Because Plaintiff has paid the filing fee in the instant case and has been granted leave to amend his complaint, his remaining three motions—to replace his civil cover sheet, to proceed IFP, and "to be excused from the court"— will be dismissed as moot.
IV. Conclusion and Recommendation
Having reviewed Plaintiff and Defendant's motions, the undersigned RECOMMENDS that Civil Action SA-5:21-CV-1371-DAE be CONSOLIDATED into this case, Civil Action No. SA-5:20-CV-965-FB, and a refund be issued to Plaintiff for $402.00 for the filing fee in SA-5:20-CV-1371-DAE.
IT IS HEREBY ORDERED that Plaintiff's Motion for Extension of Time [#23] is GRANTED, and Plaintiff is ordered to file an amended complaint by March 12, 2021.
IT IS FURTHER ORDERED that Defendant's Motion to Dismiss [#12] is DIMISSED without prejudice to refiling after Plaintiff's amended complaint is filed.
IT IS FINALLY ORDERED that Plaintiff's Notice and Motion to Correct and Replace Civil Cover Sheet [#11], Plaintiff's (second) Motion to Proceed IFP [#16], and Plaintiff's Motion to be Excused from the Court [#17] are DIMISSED AS MOOT.

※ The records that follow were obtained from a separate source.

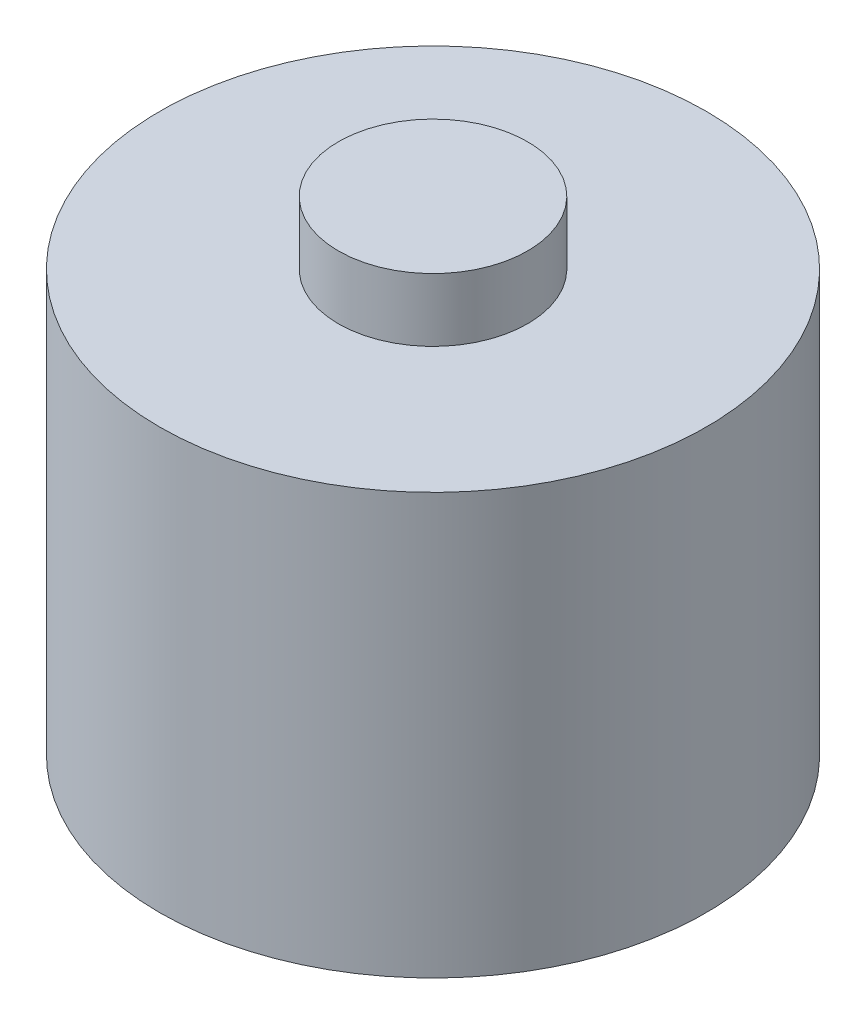
SolidWorks part; units mm, degrees
ref_plane "Front Plane" through (0, 0, 0) normal (0, 0, 1) x (1, 0, 0)
ref_plane "Top Plane" through (0, 0, 0) normal (0, 1, 0) x (1, 0, 0)
ref_plane "Right Plane" through (0, 0, 0) normal (1, 0, 0) x (0, 0, -1)
sketch "Sketch1" plane through (0, 0, 0) normal (0, 1, 0) x (1, 0, 0)
  circle A0 centre (0, 0) radius 13
  dimension "D2" = 26
extrude "Boss-Extrude1" add sketch "Sketch1" along normal blind 20 contours A0
sketch "Sketch3" plane through (0, 20, 0) normal (0, 1, 0) x (1, 0, 0)
extrude "Boss-Extrude2" add sketch "Sketch1<3>" along normal blind 20
sketch "Sketch1<3>" plane through (0, 0, 0) normal (0, 1, 0) x (1, 0, 0) same geometry as "Sketch1"
sketch "Sketch4" plane through (0, 0, 0) normal (0, -1, 0) x (1, 0, 0)
extrude "Boss-Extrude3" add sketch "Sketch1<4>" along normal blind 20
sketch "Sketch1<4>" plane through (0, 0, 0) normal (0, 1, 0) x (1, 0, 0) same geometry as "Sketch1"
sketch "Sketch5" plane through (0, 20, 0) normal (0, 1, 0) x (1, 0, 0)
  circle A0 centre (0, 0) radius 4.5
  dimension "D1" = 9
extrude "Boss-Extrude4" add sketch "Sketch5" along normal blind 3

V. Instructions for Service and Notice of Right to Object/Appeal
The United States District Clerk shall serve a copy of this report and recommendation on all parties by either (1) electronic transmittal to all parties represented by attorneys registered as a "filing user" with the clerk of court, or (2) by mailing a copy to those not registered by certified mail, return receipt requested. Written objections to this report and recommendation must be filed within fourteen (14) days after being served with a copy of same, unless this time period is modified by the district court. 28 U.S.C. § 636(b)(1); Fed. R. Civ. P. 72(b). The party shall file the objections with the Clerk of Court and serve the objections on all other parties. A party filing objections must specifically identify those findings, conclusions or recommendations to which objections are being made and the basis for such objections; the district court need not consider frivolous, conclusive or general objections. A party's failure to file written objections to the proposed findings, conclusions and recommendations contained in this report shall bar the party from a de novo determination by the district court. Thomas v. Arn, 474 U.S. 140, 149-52 (1985); Acuña v. Brown & Root, Inc., 200 F.3d 335, 340 (5th Cir. 2000). Additionally, failure to file timely written objections to the proposed findings, conclusions and recommendations contained in this report and recommendation shall bar the aggrieved party, except upon grounds of plain error, from attacking on appeal the un-objected-to proposed factual findings and legal conclusions accepted by the district court. Douglass v. United Servs. Auto. Ass'n, 79 F.3d 1415, 1428-29 (5th Cir. 1996) (en banc).
SIGNED this 17th day of February, 2021.